Why CPU load is so heavy during training? How can I reduce it

I am training a model similar to ResNet 50 using a server having 8 Tesla V100 GPU and the CPU has 72 virtual cores. I find it is really strange that mxnet will use about 2500% CPU during training with a single GPU. This cause a big problem for me.

When I run 8 dockers on this server (each docker runs a program to train with one GPU), I find the training speed is extremely low. If I only open 1 docker, I can achieve a training speed of 380 FPS, but if open 8 dockers, the training speed is only about 10 FPS. I have never have similar problem when using pytorch or tensorflow. The CPU load is always ~500% per process.

So why the CPU load is so heavy, and what can I do to reduce it? I’ve never imaging that I cannot run 8 GPU training process on a server with 72-core CPU ……

Hi @qjfytz,

I’m assuming you’re training everything on the GPU here, rather than on the CPU where optimised libraries like MKL intentionally use up many cores to maximise the usage of the hardware for performance.

Usually when CPU load is high during GPU training the CPU is working on data loading and pre-processing. You could try limiting the number of workers in your DataLoader. Also make sure the kvstore of your training/optimizer is set to device otherwise you might be adding load to your CPU for weight updates.

Another method might be to limit the resource allocated to each docker container, but this is outside of the scope of MXNet. After a little google I came across this StackOverflow post that might be of use: https://stackoverflow.com/questions/26841846/how-to-allocate-50-cpu-resource-to-docker-container. It looks like you might be able to use --cpuset and/or --cpu-shares to split cpus between tasks.

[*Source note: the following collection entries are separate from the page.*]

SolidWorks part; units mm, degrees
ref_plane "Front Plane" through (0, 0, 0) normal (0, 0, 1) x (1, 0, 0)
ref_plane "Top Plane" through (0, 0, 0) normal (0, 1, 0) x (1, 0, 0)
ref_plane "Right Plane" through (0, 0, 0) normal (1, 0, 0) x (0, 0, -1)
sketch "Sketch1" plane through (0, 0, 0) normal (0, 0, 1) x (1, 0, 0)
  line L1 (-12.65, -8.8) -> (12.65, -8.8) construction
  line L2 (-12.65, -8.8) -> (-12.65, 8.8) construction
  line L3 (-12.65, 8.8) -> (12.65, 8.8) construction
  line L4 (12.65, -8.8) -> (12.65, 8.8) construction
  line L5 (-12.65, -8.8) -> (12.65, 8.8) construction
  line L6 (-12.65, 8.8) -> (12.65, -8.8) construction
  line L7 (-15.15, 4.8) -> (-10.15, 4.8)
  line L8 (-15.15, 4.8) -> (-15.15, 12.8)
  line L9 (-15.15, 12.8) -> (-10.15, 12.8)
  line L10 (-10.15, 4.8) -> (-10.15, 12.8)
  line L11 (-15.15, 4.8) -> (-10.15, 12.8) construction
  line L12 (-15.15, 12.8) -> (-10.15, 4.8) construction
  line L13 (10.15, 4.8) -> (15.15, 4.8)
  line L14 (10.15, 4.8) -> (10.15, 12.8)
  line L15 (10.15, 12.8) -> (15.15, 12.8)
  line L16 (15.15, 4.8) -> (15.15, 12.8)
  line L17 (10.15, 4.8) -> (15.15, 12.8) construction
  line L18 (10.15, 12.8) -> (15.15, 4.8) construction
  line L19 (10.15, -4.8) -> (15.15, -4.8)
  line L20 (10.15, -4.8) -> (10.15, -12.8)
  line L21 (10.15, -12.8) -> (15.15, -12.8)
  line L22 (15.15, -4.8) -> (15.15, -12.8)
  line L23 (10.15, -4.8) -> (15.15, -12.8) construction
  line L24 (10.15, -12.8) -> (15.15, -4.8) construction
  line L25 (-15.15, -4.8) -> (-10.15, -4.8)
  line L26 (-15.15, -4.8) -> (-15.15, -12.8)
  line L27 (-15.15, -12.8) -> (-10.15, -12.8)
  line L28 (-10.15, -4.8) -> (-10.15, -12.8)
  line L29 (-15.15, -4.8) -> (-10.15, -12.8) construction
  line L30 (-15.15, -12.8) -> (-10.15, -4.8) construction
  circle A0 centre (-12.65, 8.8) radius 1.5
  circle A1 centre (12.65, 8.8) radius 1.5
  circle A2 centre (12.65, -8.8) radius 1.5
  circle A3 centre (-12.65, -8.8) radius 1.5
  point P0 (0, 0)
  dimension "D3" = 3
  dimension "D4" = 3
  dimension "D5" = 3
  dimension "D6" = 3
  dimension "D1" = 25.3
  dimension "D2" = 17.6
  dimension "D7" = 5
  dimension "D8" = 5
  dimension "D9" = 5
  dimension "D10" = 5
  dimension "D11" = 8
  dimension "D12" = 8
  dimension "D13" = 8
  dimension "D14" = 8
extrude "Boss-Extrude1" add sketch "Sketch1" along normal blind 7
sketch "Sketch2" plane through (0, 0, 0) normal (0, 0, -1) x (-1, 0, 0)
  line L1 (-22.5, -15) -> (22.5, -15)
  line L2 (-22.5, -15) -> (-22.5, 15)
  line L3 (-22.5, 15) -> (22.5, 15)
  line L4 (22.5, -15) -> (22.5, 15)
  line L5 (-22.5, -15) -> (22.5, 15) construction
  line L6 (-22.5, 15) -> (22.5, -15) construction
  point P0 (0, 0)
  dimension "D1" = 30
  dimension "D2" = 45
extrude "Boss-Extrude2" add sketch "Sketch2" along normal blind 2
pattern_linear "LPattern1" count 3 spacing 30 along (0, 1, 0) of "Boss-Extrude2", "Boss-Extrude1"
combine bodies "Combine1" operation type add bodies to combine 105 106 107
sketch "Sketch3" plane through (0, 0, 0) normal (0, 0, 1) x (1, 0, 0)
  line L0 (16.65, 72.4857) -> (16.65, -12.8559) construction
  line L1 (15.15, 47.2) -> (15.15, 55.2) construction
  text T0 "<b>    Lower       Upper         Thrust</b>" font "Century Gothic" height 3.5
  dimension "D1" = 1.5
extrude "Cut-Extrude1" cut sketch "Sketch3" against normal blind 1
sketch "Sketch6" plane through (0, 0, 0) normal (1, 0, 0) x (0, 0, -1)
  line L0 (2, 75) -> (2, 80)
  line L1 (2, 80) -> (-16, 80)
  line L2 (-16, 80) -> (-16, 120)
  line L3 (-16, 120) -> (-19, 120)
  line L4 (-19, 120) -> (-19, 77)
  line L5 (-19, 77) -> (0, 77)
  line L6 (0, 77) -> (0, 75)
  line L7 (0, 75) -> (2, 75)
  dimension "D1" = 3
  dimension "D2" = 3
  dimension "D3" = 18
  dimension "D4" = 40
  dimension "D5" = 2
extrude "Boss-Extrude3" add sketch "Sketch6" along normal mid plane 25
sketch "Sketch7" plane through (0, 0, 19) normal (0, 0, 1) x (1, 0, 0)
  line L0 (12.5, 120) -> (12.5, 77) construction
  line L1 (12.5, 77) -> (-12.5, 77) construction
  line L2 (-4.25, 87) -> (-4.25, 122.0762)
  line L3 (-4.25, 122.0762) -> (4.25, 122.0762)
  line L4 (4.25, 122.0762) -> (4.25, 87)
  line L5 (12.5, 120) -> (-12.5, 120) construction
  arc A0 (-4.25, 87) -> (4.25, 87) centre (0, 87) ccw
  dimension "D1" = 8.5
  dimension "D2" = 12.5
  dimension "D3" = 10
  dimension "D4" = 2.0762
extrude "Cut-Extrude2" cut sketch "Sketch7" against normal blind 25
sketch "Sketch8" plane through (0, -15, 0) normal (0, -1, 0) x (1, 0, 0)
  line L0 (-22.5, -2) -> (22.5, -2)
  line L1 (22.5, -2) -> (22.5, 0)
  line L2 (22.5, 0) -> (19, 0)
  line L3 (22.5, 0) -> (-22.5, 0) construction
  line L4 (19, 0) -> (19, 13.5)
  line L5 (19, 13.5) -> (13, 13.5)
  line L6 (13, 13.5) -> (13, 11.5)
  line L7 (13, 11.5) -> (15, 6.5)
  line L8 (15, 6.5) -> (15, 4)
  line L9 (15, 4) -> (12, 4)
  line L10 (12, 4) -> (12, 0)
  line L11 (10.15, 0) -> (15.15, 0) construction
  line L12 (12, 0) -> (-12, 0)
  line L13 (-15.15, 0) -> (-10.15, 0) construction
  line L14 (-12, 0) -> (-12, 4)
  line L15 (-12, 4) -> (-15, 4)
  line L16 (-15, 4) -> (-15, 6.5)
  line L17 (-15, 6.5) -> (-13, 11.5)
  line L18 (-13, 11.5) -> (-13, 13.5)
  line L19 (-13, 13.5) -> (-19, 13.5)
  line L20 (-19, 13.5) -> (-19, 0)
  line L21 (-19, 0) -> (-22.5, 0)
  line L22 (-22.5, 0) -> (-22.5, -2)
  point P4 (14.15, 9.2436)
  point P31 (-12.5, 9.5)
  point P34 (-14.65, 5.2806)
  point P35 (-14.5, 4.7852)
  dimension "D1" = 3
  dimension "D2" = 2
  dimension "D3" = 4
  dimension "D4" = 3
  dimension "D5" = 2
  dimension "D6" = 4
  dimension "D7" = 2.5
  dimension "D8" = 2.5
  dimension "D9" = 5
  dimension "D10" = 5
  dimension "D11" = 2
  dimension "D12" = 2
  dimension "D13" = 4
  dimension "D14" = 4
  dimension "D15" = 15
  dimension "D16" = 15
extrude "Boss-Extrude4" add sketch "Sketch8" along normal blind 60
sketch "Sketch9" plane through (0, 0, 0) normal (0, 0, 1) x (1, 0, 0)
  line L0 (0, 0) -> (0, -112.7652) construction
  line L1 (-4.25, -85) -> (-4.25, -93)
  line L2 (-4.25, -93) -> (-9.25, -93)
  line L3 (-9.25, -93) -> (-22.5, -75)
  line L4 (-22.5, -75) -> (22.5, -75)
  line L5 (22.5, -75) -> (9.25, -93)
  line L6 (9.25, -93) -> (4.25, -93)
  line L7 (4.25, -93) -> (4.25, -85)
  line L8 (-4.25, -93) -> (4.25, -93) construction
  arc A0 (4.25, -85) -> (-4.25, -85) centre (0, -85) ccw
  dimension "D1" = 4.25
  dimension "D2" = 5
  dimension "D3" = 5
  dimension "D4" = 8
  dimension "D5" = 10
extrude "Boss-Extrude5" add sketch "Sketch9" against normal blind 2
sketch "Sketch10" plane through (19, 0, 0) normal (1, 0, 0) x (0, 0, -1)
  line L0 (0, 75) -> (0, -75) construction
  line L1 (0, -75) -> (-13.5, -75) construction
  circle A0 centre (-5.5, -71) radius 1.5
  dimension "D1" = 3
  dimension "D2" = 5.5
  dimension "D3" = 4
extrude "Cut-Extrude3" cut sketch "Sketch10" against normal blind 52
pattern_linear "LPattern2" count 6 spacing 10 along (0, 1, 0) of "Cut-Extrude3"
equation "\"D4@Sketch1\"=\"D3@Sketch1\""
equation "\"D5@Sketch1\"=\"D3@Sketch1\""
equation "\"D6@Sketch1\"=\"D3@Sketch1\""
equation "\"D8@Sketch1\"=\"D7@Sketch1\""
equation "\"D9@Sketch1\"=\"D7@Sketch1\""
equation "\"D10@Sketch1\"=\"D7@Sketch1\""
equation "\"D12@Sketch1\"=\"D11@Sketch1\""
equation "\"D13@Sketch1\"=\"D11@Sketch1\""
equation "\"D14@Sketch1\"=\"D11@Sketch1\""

Thanks @thomelane! It’s very nice of you to give me so many useful advices.

As you mentioned, I need to set the number of workers of DataLoder and set the kvstore to ‘device’. In my program, I mannually define a DataIter which is a subclass of mx.io.DataIter and define a next() method to iterate my dataset. But I don’t know how to set the number of workers of the self-defined data iter. Could you give me some advice? For the second advice, I have set the ‘kvstore’ parameter to ‘device’ when calling model.fit().

I still think the problem is too many CPU threads are open. The number of threads is 147 when I just use one GPU, and is 162 when I use four. It’s really a big number.

Unfortunately I’m not as familiar with mx.io.DataIter, but I think it uses multiple threads rather than multiple processes. Some DataIters (such as ImageRecordIter) have a preprocess_threads option which you could limit, but I don’t know exactly which DataIter you’re extending to know whether this is relevant for you.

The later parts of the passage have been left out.